* **Exercise prompt**: Find the line below that contains "VDINR_SteerAngle_deg/1 -> Unit". Transcribe it and every line after it exactly, adding nothing.

(Collected data entries)
--------------------------------
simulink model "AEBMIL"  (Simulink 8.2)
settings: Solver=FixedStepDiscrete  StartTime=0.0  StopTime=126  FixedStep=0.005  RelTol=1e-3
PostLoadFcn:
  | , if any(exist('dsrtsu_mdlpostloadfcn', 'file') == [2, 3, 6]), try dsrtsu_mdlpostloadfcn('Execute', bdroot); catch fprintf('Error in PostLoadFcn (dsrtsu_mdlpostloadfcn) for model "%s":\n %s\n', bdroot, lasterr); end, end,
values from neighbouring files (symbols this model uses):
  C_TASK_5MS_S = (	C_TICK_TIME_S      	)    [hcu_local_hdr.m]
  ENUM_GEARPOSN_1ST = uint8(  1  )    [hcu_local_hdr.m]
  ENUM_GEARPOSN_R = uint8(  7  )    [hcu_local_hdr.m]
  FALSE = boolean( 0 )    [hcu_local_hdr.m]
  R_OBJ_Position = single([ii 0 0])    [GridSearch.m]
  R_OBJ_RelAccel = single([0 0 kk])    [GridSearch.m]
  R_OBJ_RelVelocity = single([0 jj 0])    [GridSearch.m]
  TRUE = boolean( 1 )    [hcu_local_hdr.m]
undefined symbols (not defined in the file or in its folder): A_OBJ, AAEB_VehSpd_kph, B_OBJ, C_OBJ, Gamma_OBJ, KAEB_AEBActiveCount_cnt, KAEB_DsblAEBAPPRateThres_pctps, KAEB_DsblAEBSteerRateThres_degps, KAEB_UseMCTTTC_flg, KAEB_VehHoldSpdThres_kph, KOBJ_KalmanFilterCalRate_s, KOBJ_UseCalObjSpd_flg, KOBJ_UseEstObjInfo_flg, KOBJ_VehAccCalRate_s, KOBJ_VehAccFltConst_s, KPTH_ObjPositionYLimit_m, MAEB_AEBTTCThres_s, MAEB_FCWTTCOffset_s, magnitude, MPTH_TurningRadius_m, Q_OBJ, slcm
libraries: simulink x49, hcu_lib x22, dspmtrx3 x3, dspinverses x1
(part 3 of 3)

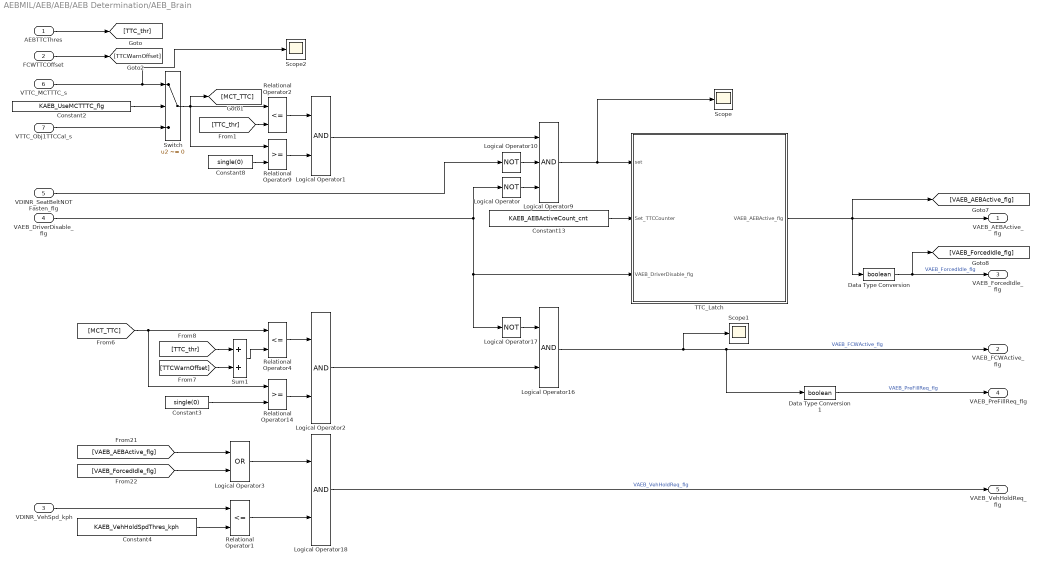
== system AEBMIL/AEB/AEB/AEB Determination/AEB_Brain ==
  AEBTTCThres : Inport
  FCWTTCOffset : Inport  Port=2
  VDINR_VehSpd_kph : Inport  Port=3
  VAEB_DriverDisable_flg : Inport  Port=4
  VDINR_SeatBeltNOTFasten_flg : Inport  Port=5
  VTTC_MCTTTC_s : Inport  Port=6
  VTTC_Obj1TTCCal_s : Inport  Port=7
  Constant13 : Constant  Value=KAEB_AEBActiveCount_cnt
  Constant2 : Constant  Value=KAEB_UseMCTTTC_flg
  Constant3 : Constant  Value=single(0)
  Constant4 : Constant  Value=KAEB_VehHoldSpdThres_kph
  Constant8 : Constant  Value=single(0)
  Data Type Conversion : DataTypeConversion  OutDataTypeStr=boolean
  Data Type Conversion1 : DataTypeConversion  OutDataTypeStr=boolean
  Logical Operator : Logic  Operator=NOT  AllPortsSameDT=off  OutDataTypeStr=boolean
  Logical Operator{1..2,16,18} (4 alike) : Logic  AllPortsSameDT=off  OutDataTypeStr=boolean
  Logical Operator10 : Logic  Operator=NOT  AllPortsSameDT=off  OutDataTypeStr=boolean
  Logical Operator17 : Logic  Operator=NOT  AllPortsSameDT=off  OutDataTypeStr=boolean
  Logical Operator3 : Logic  Operator=OR  AllPortsSameDT=off  OutDataTypeStr=boolean
  Logical Operator9 : Logic  Inputs=3  AllPortsSameDT=off  OutDataTypeStr=boolean
  Relational Operator1 : RelationalOperator  Operator=<=  OutDataTypeStr=boolean
  Relational Operator14 : RelationalOperator  OutDataTypeStr=boolean
  Relational Operator2 : RelationalOperator  Operator=<=  OutDataTypeStr=boolean
  Relational Operator4 : RelationalOperator  Operator=<=  OutDataTypeStr=boolean
  Relational Operator9 : RelationalOperator  OutDataTypeStr=boolean
  Scope : Scope
  Scope1 : Scope
  Scope2 : Scope
      settings: SaveName=ScopeData16
  Sum1 : Sum
  Switch : Switch  Criteria=u2 ~= 0
  TTC_Latch : Subsystem
  VAEB_AEBActive_flg : Outport
  VAEB_FCWActive_flg : Outport  Port=2
  VAEB_ForcedIdle_flg : Outport  Port=3
  VAEB_PreFillReq_flg : Outport  Port=4
  VAEB_VehHoldReq_flg : Outport  Port=5
  wires:
  Logical Operator18/1 -> VAEB_VehHoldReq_flg/1  "VAEB_VehHoldReq_flg"
  Constant4/1 -> Relational Operator1/2
  VDINR_VehSpd_kph/1 -> Relational Operator1/1
  Relational Operator1/1 -> Logical Operator18/2
  Logical Operator3/1 -> Logical Operator18/1
  [VAEB_ForcedIdle_flg] -> Logical Operator3/2
  [VAEB_AEBActive_flg] -> Logical Operator3/1
  Data Type Conversion1/1 -> VAEB_PreFillReq_flg/1  "VAEB_PreFillReq_flg"
  Data Type Conversion/1 -> VAEB_ForcedIdle_flg/1, [VAEB_ForcedIdle_flg]  "VAEB_ForcedIdle_flg"
  Logical Operator16/1 -> Scope1/1, Data Type Conversion1/1, VAEB_FCWActive_flg/1  "VAEB_FCWActive_flg"
  Logical Operator17/1 -> Logical Operator16/1
  Logical Operator2/1 -> Logical Operator16/2
  Constant3/1 -> Relational Operator14/2
  Sum1/1 -> Relational Operator4/2
  [MCT_TTC] -> Relational Operator4/1, Relational Operator14/1
  Relational Operator4/1 -> Logical Operator2/1
  Relational Operator14/1 -> Logical Operator2/2
  [TTCWarnOffset] -> Sum1/2
  [TTC_thr] -> Sum1/1
  FCWTTCOffset/1 -> [TTCWarnOffset]
  TTC_Latch/1(VAEB_AEBActive_flg) -> Data Type Conversion/1, VAEB_AEBActive_flg/1, [VAEB_AEBActive_flg]
  Logical Operator10/1 -> Logical Operator9/2
  VDINR_SeatBeltNOTFasten_flg/1 -> Logical Operator10/1
  Constant13/1 -> TTC_Latch/2(Set_TTCCounter)
  Logical Operator9/1 -> Scope/1, TTC_Latch/1(set)
  Logical Operator/1 -> Logical Operator9/3
  VAEB_DriverDisable_flg/1 -> Logical Operator17/1, TTC_Latch/3(VAEB_DriverDisable_flg), Logical Operator/1
  Logical Operator1/1 -> Logical Operator9/1
  Relational Operator2/1 -> Logical Operator1/1
  Relational Operator9/1 -> Logical Operator1/2
  Constant8/1 -> Relational Operator9/2
  [TTC_thr] -> Relational Operator2/2
  Switch/1 -> Relational Operator2/1, Relational Operator9/1, [MCT_TTC]
  VTTC_Obj1TTCCal_s/1 -> Switch/3
  VTTC_MCTTTC_s/1 -> Scope2/1, Switch/1
  Constant2/1 -> Switch/2
  AEBTTCThres/1 -> [TTC_thr]

== system AEBMIL/AEB/AEB/Driver Disable/APPRateCalculation ==
  VDINR_HWAccelPedalPosn_pct : Inport
  VDINR_HWAccelPedalPosnValid_flg : Inport  Port=2
  trig_STEERINTEND : TriggerPort  TriggerType=function-call
  Constant : Constant  Value=single(1)
  Constant1 : Constant  Value=single(0)
  Product : Product  Inputs=*/  RndMeth=Zero
  Sum : Sum  Inputs=+-
  Switch : Switch  Criteria=u2 ~= 0
  Unit Delay : UnitDelay  SampleTime=-1
  VAEB_APPMovingRate_pctps : Outport
  wires:
  VDINR_HWAccelPedalPosn_pct/1 -> Sum/1, Unit Delay/1
  Constant/1 -> Product/2
  Sum/1 -> Product/1
  Unit Delay/1 -> Sum/2
  VDINR_HWAccelPedalPosnValid_flg/1 -> Switch/2
  Product/1 -> Switch/1
  Switch/1 -> VAEB_APPMovingRate_pctps/1  "VAEB_APPMovingRate_pctps"
  Constant1/1 -> Switch/3

== system AEBMIL/AEB/AEB/Driver Disable/SteeringRateCalculation ==
  VDINR_SteerAngle_deg : Inport
  VDINR_SteerAngleValid_flg : Inport  Port=2
  trig_STEERINTEND : TriggerPort  TriggerType=function-call
  Constant : Constant  Value=single(1)
  Constant1 : Constant  Value=single(0)
  Product : Product  Inputs=*/  RndMeth=Zero
  Sum : Sum  Inputs=+-
  Switch : Switch  Criteria=u2 ~= 0
  Unit Delay : UnitDelay  SampleTime=-1
  VAEB_SteeringRate_degps : Outport
  wires:
  Constant1/1 -> Switch/3
  Switch/1 -> VAEB_SteeringRate_degps/1  "VAEB_SteeringRate_degps"
  Product/1 -> Switch/1
  VDINR_SteerAngleValid_flg/1 -> Switch/2
  Unit Delay/1 -> Sum/2
  Sum/1 -> Product/1
  Constant/1 -> Product/2
  VDINR_SteerAngle_deg/1 -> Unit Delay/1, Sum/1

== system AEBMIL/OBJ/OBJ/KalmanFilter_Obj1/Kalman Filter ==
  A : Inport
  B : Inport  Port=2
  C : Inport  Port=3
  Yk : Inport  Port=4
--------------------------------
* **Answer to the problem**:
  VDINR_SteerAngle_deg/1 -> Unit Delay/1, Sum/1

== system AEBMIL/OBJ/OBJ/KalmanFilter_Obj1/Kalman Filter ==
  A : Inport
  B : Inport  Port=2
  C : Inport  Port=3
  Yk : Inport  Port=4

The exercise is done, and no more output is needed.